Evaluating Robustness of Neural Networks with Mixed Integer Programming

Neural networks have demonstrated considerable success on a wide variety of real-world problems. However, networks trained only to optimize for training accuracy can often be fooled by adversarial examples - slightly perturbed inputs that are misclassified with high confidence. Verification of networks enables us to gauge their vulnerability to such adversarial examples. We formulate verification of piecewise-linear neural networks as a mixed integer program. On a representative task of finding minimum adversarial distortions, our verifier is two to three orders of magnitude quicker than the state-of-the-art. We achieve this computational speedup via tight formulations for non-linearities, as well as a novel presolve algorithm that makes full use of all information available. The computational speedup allows us to verify properties on convolutional networks with an order of magnitude more ReLUs than networks previously verified by any complete verifier.

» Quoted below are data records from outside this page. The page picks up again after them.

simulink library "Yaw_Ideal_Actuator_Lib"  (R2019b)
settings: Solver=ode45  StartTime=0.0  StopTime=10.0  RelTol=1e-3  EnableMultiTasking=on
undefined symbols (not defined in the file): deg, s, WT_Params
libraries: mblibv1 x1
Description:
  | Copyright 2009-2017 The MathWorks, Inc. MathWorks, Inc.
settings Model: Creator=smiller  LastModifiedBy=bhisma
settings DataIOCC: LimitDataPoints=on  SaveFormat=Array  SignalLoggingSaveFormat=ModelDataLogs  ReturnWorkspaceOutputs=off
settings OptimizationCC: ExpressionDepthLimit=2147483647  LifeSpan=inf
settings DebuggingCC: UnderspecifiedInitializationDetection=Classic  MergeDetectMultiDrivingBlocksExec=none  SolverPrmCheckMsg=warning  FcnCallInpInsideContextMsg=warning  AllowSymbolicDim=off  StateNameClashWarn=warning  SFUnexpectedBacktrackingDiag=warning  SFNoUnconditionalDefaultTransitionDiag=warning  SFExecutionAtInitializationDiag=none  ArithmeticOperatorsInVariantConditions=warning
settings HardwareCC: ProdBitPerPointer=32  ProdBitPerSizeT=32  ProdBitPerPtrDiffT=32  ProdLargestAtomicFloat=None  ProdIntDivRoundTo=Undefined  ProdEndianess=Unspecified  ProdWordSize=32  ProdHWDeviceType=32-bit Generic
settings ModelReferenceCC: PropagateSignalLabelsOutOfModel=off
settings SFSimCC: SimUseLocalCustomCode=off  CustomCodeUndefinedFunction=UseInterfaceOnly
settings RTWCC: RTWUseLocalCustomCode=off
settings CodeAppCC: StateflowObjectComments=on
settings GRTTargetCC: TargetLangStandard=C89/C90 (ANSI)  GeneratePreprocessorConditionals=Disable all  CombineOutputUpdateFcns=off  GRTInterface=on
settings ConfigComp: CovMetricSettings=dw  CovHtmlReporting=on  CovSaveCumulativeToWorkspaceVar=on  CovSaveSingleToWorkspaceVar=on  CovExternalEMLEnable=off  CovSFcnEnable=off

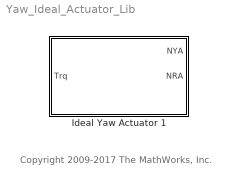
== system Yaw_Ideal_Actuator_Lib ==
  note: Copyright 2009-2017 The MathWorks, Inc.
  Ideal Yaw Actuator 1 : Subsystem
      mask Display: image(imread('Yaw_Ideal_Actuator_Horizontal_IMAGE.jpg'));

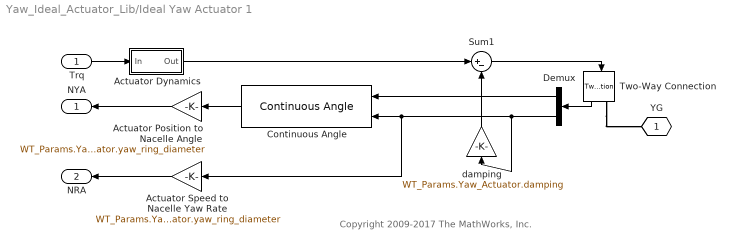
== system Yaw_Ideal_Actuator_Lib/Ideal Yaw Actuator 1 ==
  note: Copyright 2009-2017 The MathWorks, Inc.
  Trq : Inport
  Actuator Dynamics : Subsystem  mask(First-order lag supporting vector signals){b=WT_Params.Yaw_Actuator.ideal_actuator_time_constant, x_initial=0}
      mask prompts: b "Filter time constant"; x_initial "Initial output"
      mask help: Models a lag of the form 1/(b*s+1) where s is the Laplace operator.
  Actuator Position to Nacelle Angle : Gain  Gain=WT_Params.Yaw_Actuator.yaw_gear_diameter/WT_Params.Yaw_Actuator.yaw_ring_diameter
  Actuator Speed to Nacelle Yaw Rate : Gain  Gain=WT_Params.Yaw_Actuator.yaw_gear_diameter/WT_Params.Yaw_Actuator.yaw_ring_diameter
  Continuous Angle : mblibv1/Utilities/Continuous Angle  rad=deg  rads=deg/s
      settings: SourceProductName=Simscape Multibody  SourceProductBaseCode=MS
  Demux : Demux  Outputs=2
  Sum1 : Sum  Inputs=|+-
  Two-Way Connection : TwoWayConnection
  damping : Gain  Gain=WT_Params.Yaw_Actuator.damping
  YG : PMIOPort  Tag=PMCPort  Side=Right
  NYA : Outport
  NRA : Outport  Port=2
  wires:
  damping/1 -> Sum1/2
  Demux/2 -> damping/1, Continuous Angle/2, Actuator Speed to Nacelle Yaw Rate/1
  Demux/1 -> Continuous Angle/1
  Continuous Angle/1 -> Actuator Position to Nacelle Angle/1
  Actuator Position to Nacelle Angle/1 -> NYA/1
  Actuator Speed to Nacelle Yaw Rate/1 -> NRA/1
  Trq/1 -> Actuator Dynamics/1(In)
  Actuator Dynamics/1(Out) -> Sum1/1
  Sum1/1 -> Two-Way Connection/1
  Two-Way Connection/1 -> Demux/1
  connections:
  Two-Way Connection/RConn1 -- YG/RConn1

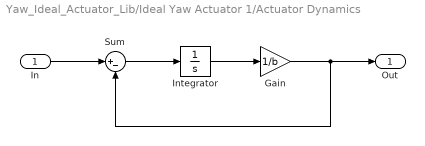
== system Yaw_Ideal_Actuator_Lib/Ideal Yaw Actuator 1/Actuator Dynamics ==
  In : Inport
  Gain : Gain  Gain=1/b
  Integrator : Integrator  InitialCondition=x_initial
  Sum : Sum  Inputs=|+-  SaturateOnIntegerOverflow=on  InputSameDT=on  OutDataTypeStr=Inherit: Same as first input
  Out : Outport
  wires:
  Sum/1 -> Integrator/1
  In/1 -> Sum/1
  Integrator/1 -> Gain/1
  Gain/1 -> Sum/2, Out/1
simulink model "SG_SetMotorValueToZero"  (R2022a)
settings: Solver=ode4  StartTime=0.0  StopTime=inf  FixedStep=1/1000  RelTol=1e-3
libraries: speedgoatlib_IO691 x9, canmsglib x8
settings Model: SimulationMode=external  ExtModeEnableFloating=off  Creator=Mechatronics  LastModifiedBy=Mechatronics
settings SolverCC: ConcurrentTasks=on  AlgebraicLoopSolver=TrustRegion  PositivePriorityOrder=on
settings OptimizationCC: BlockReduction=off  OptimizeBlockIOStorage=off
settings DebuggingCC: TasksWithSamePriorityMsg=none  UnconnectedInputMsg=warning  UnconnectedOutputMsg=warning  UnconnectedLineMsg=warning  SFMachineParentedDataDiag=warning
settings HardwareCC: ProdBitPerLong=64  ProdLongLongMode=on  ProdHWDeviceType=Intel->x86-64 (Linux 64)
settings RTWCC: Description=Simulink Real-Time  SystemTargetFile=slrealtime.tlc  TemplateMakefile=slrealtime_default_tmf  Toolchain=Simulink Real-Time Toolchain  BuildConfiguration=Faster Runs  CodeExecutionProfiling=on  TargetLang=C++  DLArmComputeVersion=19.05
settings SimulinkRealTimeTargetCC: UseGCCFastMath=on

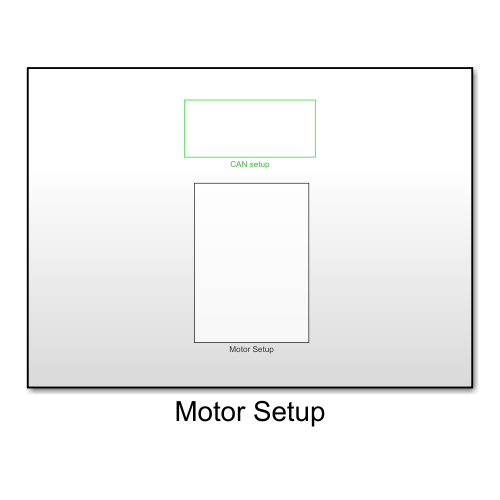
[thumbnail: Simulink's stored preview of the top-level diagram]
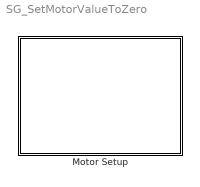
== system SG_SetMotorValueToZero ==
  Motor Setup : Subsystem

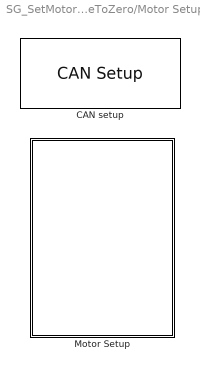
== system SG_SetMotorValueToZero/Motor Setup ==
  CAN setup : speedgoatlib_IO691/Legacy/CAN Setup   moduletype=IO691  id=1  pciSlot=-1  chn1=CAN (HS)  chn2=CAN (HS)  chn3=Disabled  chn4=Disabled  initStruct=[]  termStruct=[struct('Channel',1,'Protocol','CAN','BRS',0,'Type','Standard','Identifier',3,'Data',[255, 255, 255, 255, 255, 255, 255, 253],'Pause',0.001),struct('Channel',1,'Protocol','CAN','BRS',0,'Type','Standard','Identifier',2,'Data',[255, 255, 255, 255, 255, 255, 255, 253],'Pause',0.001),struct('Channel',2,'Protocol','CAN','BRS',0,'Type','Standard','Identifier',4,'Data',[255, 255, 255, 255, 255, 255, 255, 253],'Pause',0.001), struct('Channel',2,'Protocol','CAN','BRS',0,'Type','Standard','Identifier',1,'Data',[255, 255, 255, 255, 255, 255, 255, 253],'Pause',0.001)]  ArbitrationbdrChn1=1.0 MBaud  ArbitrationManbdrChn1=[2,8,31,8]  FdbdrChn1=1.0 MBaud  FdManbdrChn1=[2,8,31,8]  ArbitrationbdrChn2=1.0 MBaud  ArbitrationManbdrChn2=[2,8,31,8]  FdbdrChn2=1.0 MBaud  FdManbdrChn2=[2,8,31,8]  ArbitrationbdrChn3=1.0 MBaud  ArbitrationManbdrChn3=[2,8,31,8]  FdbdrChn3=5.0 MBaud  FdManbdrChn3=[2,2,5,2]  ArbitrationbdrChn4=1.0 MBaud  ArbitrationManbdrChn4=[2,8,31,8]  FdbdrChn4=5.0 MBaud  FdManbdrChn4=[2,2,5,2]  moduleInitValues=[691 1 -1 -1]
      settings: SourceProductName=Simulink Real-Time: Speedgoat I/O Blockset
  Motor Setup : Subsystem

== system SG_SetMotorValueToZero/Motor Setup/Motor Setup ==
  Back : Subsystem
  Front : Subsystem

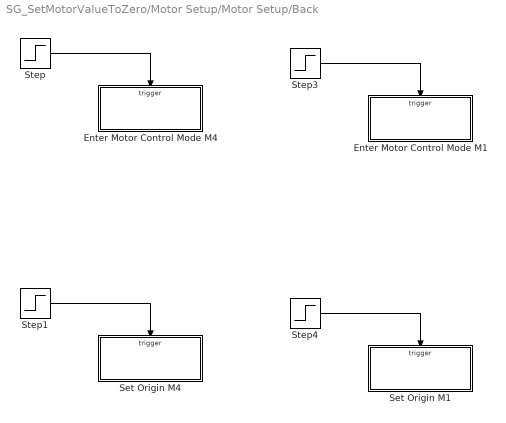
== system SG_SetMotorValueToZero/Motor Setup/Motor Setup/Back ==
  Enter Motor Control Mode M1 : Subsystem  TreatAsAtomicUnit=on
  Enter Motor Control Mode M4 : Subsystem  TreatAsAtomicUnit=on
  Set Origin M1 : Subsystem  TreatAsAtomicUnit=on
  Set Origin M4 : Subsystem  TreatAsAtomicUnit=on
  Step : Step  Time=3
  Step1 : Step  Time=2.5
  Step3 : Step  Time=4
  Step4 : Step  Time=3.5
  wires:
  Step1/1 -> Set Origin M4/Trigger
  Step4/1 -> Set Origin M1/Trigger
  Step/1 -> Enter Motor Control Mode M4/Trigger
  Step3/1 -> Enter Motor Control Mode M1/Trigger

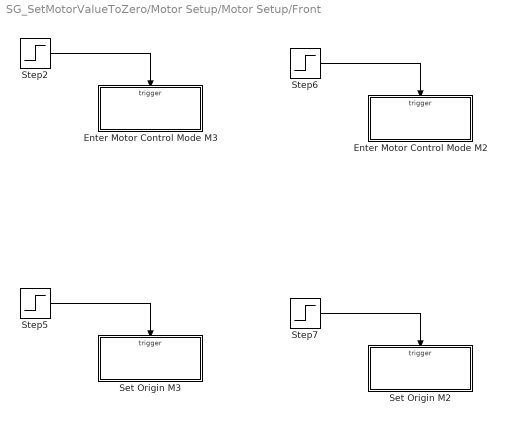
== system SG_SetMotorValueToZero/Motor Setup/Motor Setup/Front ==
  Enter Motor Control Mode M2 : Subsystem  TreatAsAtomicUnit=on
  Enter Motor Control Mode M3 : Subsystem  TreatAsAtomicUnit=on
  Set Origin M2 : Subsystem  TreatAsAtomicUnit=on
  Set Origin M3 : Subsystem  TreatAsAtomicUnit=on
  Step2 : Step  Time=1.0
  Step5 : Step  Time=0.5
  Step6 : Step  Time=2
  Step7 : Step  Time=1.5
  wires:
  Step5/1 -> Set Origin M3/Trigger
  Step7/1 -> Set Origin M2/Trigger
  Step2/1 -> Enter Motor Control Mode M3/Trigger
  Step6/1 -> Enter Motor Control Mode M2/Trigger

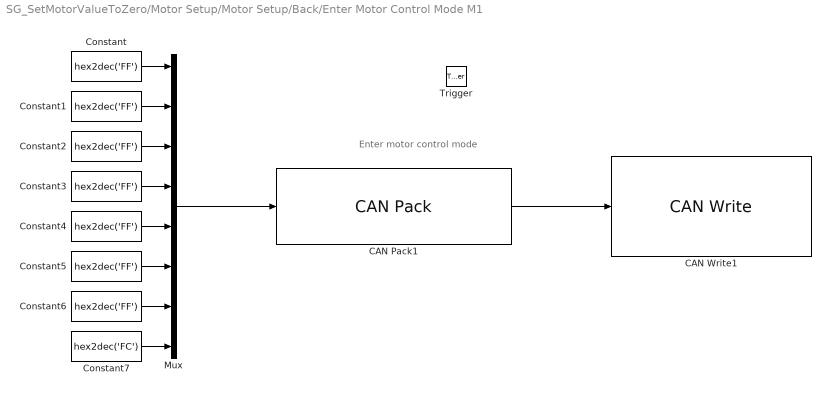
== system SG_SetMotorValueToZero/Motor Setup/Motor Setup/Back/Enter Motor Control Mode M1 ==
  note: Enter motor control mode
  Trigger : TriggerPort  VariantControl=Variant
  CAN Pack1 : canmsglib/CAN Pack  MsgList=(none)  MsgName=CAN Msg  MsgIDType=Standard (11-bit identifier)  MsgIdentifier=1  MsgLength=8  Remote=off  ApplyMinMax=off  BusOutput=off  SignalInfo={ 'Motor postition 8-H', '0', '8', 'LE', 'unsigned', 'Standard', '0', '1', '0', '-Inf', 'Inf'; 'Motor position 8-L', '8', '8', 'LE', 'unsigned', 'Standard', '0', '1', '0', '-Inf', 'Inf'; 'Motor seed 8-H', '16', '8', 'LE', 'unsigned', 'Standard', '0', '1', '0', '-Inf', 'Inf'; 'Motor speed 4-L', '28', '4', 'LE', 'unsigned', 'Standard', '0', '1', '0', '-Inf', 'Inf'; 'KP 4-H', '24', '4', 'LE', 'unsigned', 'Standard', '0', '1', '0', '-Inf', 'Inf'; 'KP 8-L', '32', '8', 'LE', 'unsigned', 'Standard', '0', '1', '0', '-Inf', 'Inf'; 'KP 8-H', '40', '8', 'LE', 'unsigned', 'Standard', '0', '1', '0', '-Inf', 'Inf'; 'KD 4-L', '52', '4', 'LE', 'unsigned', 'Standard', '0', '1', '0', '-Inf', 'Inf'; 'Current 4-H', '48', '4', 'LE', 'unsigned', 'Standard', '0', '1', '0', '-Inf', 'Inf'; 'Current 8-L', '56', '8', 'LE', 'unsigned', 'Standard', '0', '1', '0', '-Inf', 'Inf' }
      settings: SourceProductBaseCode=XP,ME,VN  DataFormat=raw data
  CAN Write1 : speedgoatlib_IO691/Legacy/CAN Write  id=1  ts=-1  channel=2  messageType=CAN  BusInput=off  enableStatusPort=off  canType=CAN (HS)  initValues=[691 1 -1 1 1 1 0 0]
      settings: SourceProductName=Simulink Real-Time: Speedgoat Library
  Constant{,1..6} (7 alike) : Constant  Value=hex2dec('FF')  OutDataTypeStr=uint8  SampleTime=-1
  Constant7 : Constant  Value=hex2dec('FC')  OutDataTypeStr=uint8  SampleTime=-1
  Mux : Mux  Inputs=8
  wires:
  CAN Pack1/1 -> CAN Write1/1
  Mux/1 -> CAN Pack1/1
  Constant7/1 -> Mux/8
  Constant4/1 -> Mux/5
  Constant1/1 -> Mux/2
  Constant5/1 -> Mux/6
  Constant3/1 -> Mux/4
  Constant2/1 -> Mux/3
  Constant/1 -> Mux/1
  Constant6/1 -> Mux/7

In particular, we determine for the first time the exact adversarial accuracy of an MNIST classifier to perturbations with bounded $l_\infty$ norm $\epsilon=0.1$: for this classifier, we find an adversarial example for 4.38% of samples, and a certificate of robustness (to perturbations with bounded norm) for the remainder. Across all robust training procedures and network architectures considered, we are able to certify more samples than the state-of-the-art and find more adversarial examples than a strong first-order attack.